Problem to solve: Range to output from the entries below: the line containing "line L3 (40, -32.5) -> (40, 32.5)" through the line containing "normal blind 110". Set it down exactly, ends included, nothing else.

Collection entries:
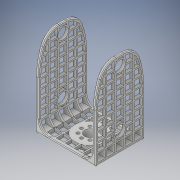
# Autodesk Inventor part: Wheel Case V4
Saved by Autodesk Inventor 2019 (Build 230136000, 136)
## iProperties
Created: 2018-12-01
Part Number: Wheel Case V4
Material: Generic
Document SubType Name: Modeling
Designer: Ashley
Density: 1 g/cm^3
Appearance: Default
Author: Ashley
Autodesk Inventor part; units mm, degrees
ref_plane "YZ Plane" through (0, 0, 0) normal (1, 0, 0) x (0, 1, 0)
ref_plane "XZ Plane" through (0, 0, 0) normal (0, 1, 0) x (-1, 0, 0)
ref_plane "XY Plane" through (0, 0, 0) normal (0, 0, 1) x (1, 0, 0)
sketch "Sketch1" plane through (0, 0, 0) normal (0, 1, 0) x (-1, 0, 0)
  line L0 (40, 32.5) -> (-40, 32.5)
  line L1 (-40, 32.5) -> (-40, -32.5)
  line L2 (-40, -32.5) -> (40, -32.5)
  line L3 (40, -32.5) -> (40, 32.5)
  line L4 (40, 32.5) -> (-40, -32.5) construction
  line L5 (-40, 32.5) -> (40, -32.5) construction
  point P0 (0, 0)
  dimension "d0" = 80
  dimension "d1" = 65
  constraints: 12 end point, 2 midpoint, 2 parallel, 1 horizontal, 1 perpendicular
  measures "d0" distance of L1.end L2.end
  measures "d1" distance of L0.end L1.end
extrude "Top Base Extrusion" add sketch "Sketch1" along normal blind 4
sketch "Sketch2" plane through (0, 4, 0) normal (0, 1, 0) x (1, 0, 0)
  line L0 (-40, -32.5) -> (40, -32.5) construction
  line L1 (40, -32.5) -> (40, 32.5) construction
  line L2 (-40, 32.5) -> (-40, -32.5) construction
  line L3 (-40, 32.5) -> (-36, 32.5)
  line L4 (-36, 32.5) -> (-36, -32.5)
  line L5 (-36, -32.5) -> (-40, -32.5)
  line L6 (-40, -32.5) -> (-40, 32.5)
  line L7 (40, 32.5) -> (36, 32.5)
  line L8 (36, 32.5) -> (36, -32.5)
  line L9 (36, -32.5) -> (40, -32.5)
  line L10 (40, -32.5) -> (40, 32.5)
  point P0 (0, 0)
  dimension "d4" = 4
  dimension "d5" = 4
  constraints: 16 end point, 4 parallel, 2 horizontal, 2 perpendicular, 2 point on line
  measures "d4" distance between parallel lines of L4 L2
  measures "d5" distance between parallel lines of L1 L8
extrude "Side Extrusions" add sketch "Sketch2" along normal blind 110
sketch "Sketch3" plane through (40, 0, 32.5) normal (1, 0, 0) x (0, 0, -1)
  circle A0 centre (32.5, 101.5) radius 7.25
  circle A1 centre (32.5, 26.5) radius 7.25
  line L0 (65, 0) -> (65, 114) construction
  line L1 (0, 114) -> (65, 114) construction
  line L2 (0, 0) -> (0, 114) construction
  line L3 (0, 4) -> (65, 4) construction
  point P0 (32.5, 0)
  dimension "d8" = 14.5
  dimension "d11" = 101.5
  dimension "d43" = 75
  dimension "d44" = 14.5
  dimension "d45" = 65
  dimension "d46" = 32.5
  dimension "d47" = 32.5
  dimension "d48" = 32.5
  dimension "d49" = 12.5
  dimension "d50" = 22.5
  constraints: 2 centre point
  measures "d8" diameter of A0
  measures "d11" distance of point (32.5, 0) A0.centre
  measures "d43" distance of A1.centre A0.centre
  measures "d44" diameter of A1
  measures "d45" distance between parallel lines of L2 L0
  measures "d46" distance from line of L0 A0.centre
  measures "d47" distance from line of L2 A0.centre
  measures "d48" distance from line of L0 A1.centre
  measures "d49" distance from line of A0.centre L1
  measures "d50" distance from line of A1.centre L3
extrude "Wheel Axel Hole" cut sketch "Sketch3" against normal up to surface (80 mm away)
sketch "Sketch4" plane through (0, 0, 0) normal (0, -1, 0) x (1, 0, 0)
  circle A0 centre (0, 0) radius 7.25
  circle A1 centre (0, 0) radius 16
  dimension "d16" = 14.5
  dimension "d17" = 32
  constraints: 2 centre point, 2 coincident
  measures "d16" diameter of A0
  measures "d17" diameter of A1
extrude "Chain Interferance Extrusion" add sketch "Sketch4" along normal blind 6
sketch "Sketch5" plane through (0, 0, 0) normal (0, -1, 0) x (1, 0, 0)
  circle A0 centre (0, 0) radius 7.25 construction
  circle A1 centre (0, 0) radius 7.25
  constraints: 1 centre point, 1 coincident, 1 concentric
extrude "Top Center Bearing Hole" cut sketch "Sketch5" against normal up to surface (4 mm away)
sketch "Sketch7" plane through (0, -6, 0) normal (0, -1, 0) x (1, 0, 0)
  circle A0 centre (0, 0) radius 7.25 construction
  circle A1 centre (0, 11.314) radius 2.05
  circle A2 centre (-8.0002, 8.0002) radius 2.05
  circle A3 centre (-11.314, 0) radius 2.05
  circle A4 centre (-8.0002, -8.0002) radius 2.05
  circle A5 centre (0, -11.314) radius 2.05
  circle A6 centre (8.0002, -8.0002) radius 2.05
  circle A7 centre (11.314, 0) radius 2.05
  circle A8 centre (8.0002, 8.0002) radius 2.05
  dimension "d23" = 4.1
  dimension "d24" = 11.314
  dimension "d27" = 360
  constraints: 8 centre point, 17 other
  measures "d23" diameter of A1
  measures "d24" distance of A0.centre A1.centre
extrude "Sprocket Screws Holes" cut sketch "Sketch7" against normal up to next
sketch "Sketch8" plane through (40, 0, 32.5) normal (1, 0, 0) x (0, 0, -1)
  line L0 (65, 0) -> (65, 114) construction
  line L1 (0, 114) -> (65, 114) construction
  line L2 (0, 0) -> (0, 114) construction
  line L3 (65, 91.5) -> (52.0096, 114)
  line L4 (65, 114) -> (0, 114) construction
  line L5 (65, 91.5) -> (90.9808, 91.5) construction
  line L6 (0, 91.5) -> (34.6363, 91.5) construction
  line L7 (0, 91.5) -> (44.4453, 91.5) construction
  line L8 (0, 91.5) -> (12.9904, 114)
  line L9 (65, 91.5) -> (65, 114)
  line L10 (52.0096, 114) -> (65, 114)
  line L11 (12.9904, 114) -> (0, 114)
  line L12 (0, 91.5) -> (0, 114)
  line L13 (0, 91.5) -> (-31.251, 91.5) construction
  point P0 (32.5, 0)
  dimension "d32" = 120
  dimension "d51" = 120
  constraints: 20 end point, 5 point on line, 3 collinear, 3 horizontal, 1 equal length, 1 perpendicular
  measures "d32" angle of L5 L3
  measures "d51" angle of L13 L8
extrude "Side Corners Cut" cut sketch "Sketch8" against normal up to surface (80 mm away)
fillet "Fillet1" radius 95 4 edges at (38, 91.5, 32.5) (-38, 91.5, 32.5) (38, 91.5, -32.5) (-38, 91.5, -32.5)
fillet "Fillet2" radius 23 4 edges at (38, 114, 19.5096) (38, 114, -19.5096) (-38, 114, -19.5096) (-38, 114, 19.5096)
fillet "Fillet3" radius 3 4 edges at (0, 0, -32.5) (-40, 0, 0) (40, 0, 0) (0, 0, 32.5)
fillet "Fillet4" radius 3 1 edges at (-16, 0, 0)
fillet "Fillet5" radius 1 1 edges at (-16, -6, 0)
sketch "Sketch11" plane through (0, 0, 0) normal (0, -1, 0) x (1, 0, 0)
  line L0 (-37, 29.5) -> (37, 29.5) construction
  line L1 (-37, -29.5) -> (-37, 29.5) construction
  line L2 (37, -29.5) -> (-37, -29.5) construction
  circle A0 centre (0, 0) radius 19 construction
  line L3 (-29, 28) -> (-19, 28)
  line L4 (-19, 28) -> (-19, 18)
  line L5 (-19, 18) -> (-29, 18)
  line L6 (-29, 18) -> (-29, 28)
  line L7 (-17, 28) -> (-7, 28)
  line L8 (-7, 28) -> (-7, 18)
  line L9 (-7, 18) -> (-17, 18)
  line L10 (-17, 18) -> (-17, 28)
  line L11 (-5, 28) -> (5, 28)
  line L12 (5, 28) -> (5, 18)
  line L13 (5, 18) -> (-5, 18)
  line L14 (-5, 18) -> (-5, 28)
  line L15 (7, 28) -> (17, 28)
  line L16 (17, 28) -> (17, 18)
  line L17 (17, 18) -> (7, 18)
  line L18 (7, 18) -> (7, 28)
  line L19 (19, 28) -> (29, 28)
  line L20 (29, 28) -> (29, 18)
  line L21 (29, 18) -> (19, 18)
  line L22 (19, 18) -> (19, 28)
  line L23 (-29, 16.5) -> (-19, 16.5)
  line L24 (-19, 16.5) -> (-19, 6.5)
  line L25 (-19, 6.5) -> (-29, 6.5)
  line L26 (-29, 6.5) -> (-29, 16.5)
  line L27 (-17, 16.5) -> (-7, 16.5)
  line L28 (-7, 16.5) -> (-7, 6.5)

Solution to this problem:
  line L3 (40, -32.5) -> (40, 32.5)
  line L4 (40, 32.5) -> (-40, -32.5) construction
  line L5 (-40, 32.5) -> (40, -32.5) construction
  point P0 (0, 0)
  dimension "d0" = 80
  dimension "d1" = 65
  constraints: 12 end point, 2 midpoint, 2 parallel, 1 horizontal, 1 perpendicular
  measures "d0" distance of L1.end L2.end
  measures "d1" distance of L0.end L1.end
extrude "Top Base Extrusion" add sketch "Sketch1" along normal blind 4
sketch "Sketch2" plane through (0, 4, 0) normal (0, 1, 0) x (1, 0, 0)
  line L0 (-40, -32.5) -> (40, -32.5) construction
  line L1 (40, -32.5) -> (40, 32.5) construction
  line L2 (-40, 32.5) -> (-40, -32.5) construction
  line L3 (-40, 32.5) -> (-36, 32.5)
  line L4 (-36, 32.5) -> (-36, -32.5)
  line L5 (-36, -32.5) -> (-40, -32.5)
  line L6 (-40, -32.5) -> (-40, 32.5)
  line L7 (40, 32.5) -> (36, 32.5)
  line L8 (36, 32.5) -> (36, -32.5)
  line L9 (36, -32.5) -> (40, -32.5)
  line L10 (40, -32.5) -> (40, 32.5)
  point P0 (0, 0)
  dimension "d4" = 4
  dimension "d5" = 4
  constraints: 16 end point, 4 parallel, 2 horizontal, 2 perpendicular, 2 point on line
  measures "d4" distance between parallel lines of L4 L2
  measures "d5" distance between parallel lines of L1 L8
extrude "Side Extrusions" add sketch "Sketch2" along normal blind 110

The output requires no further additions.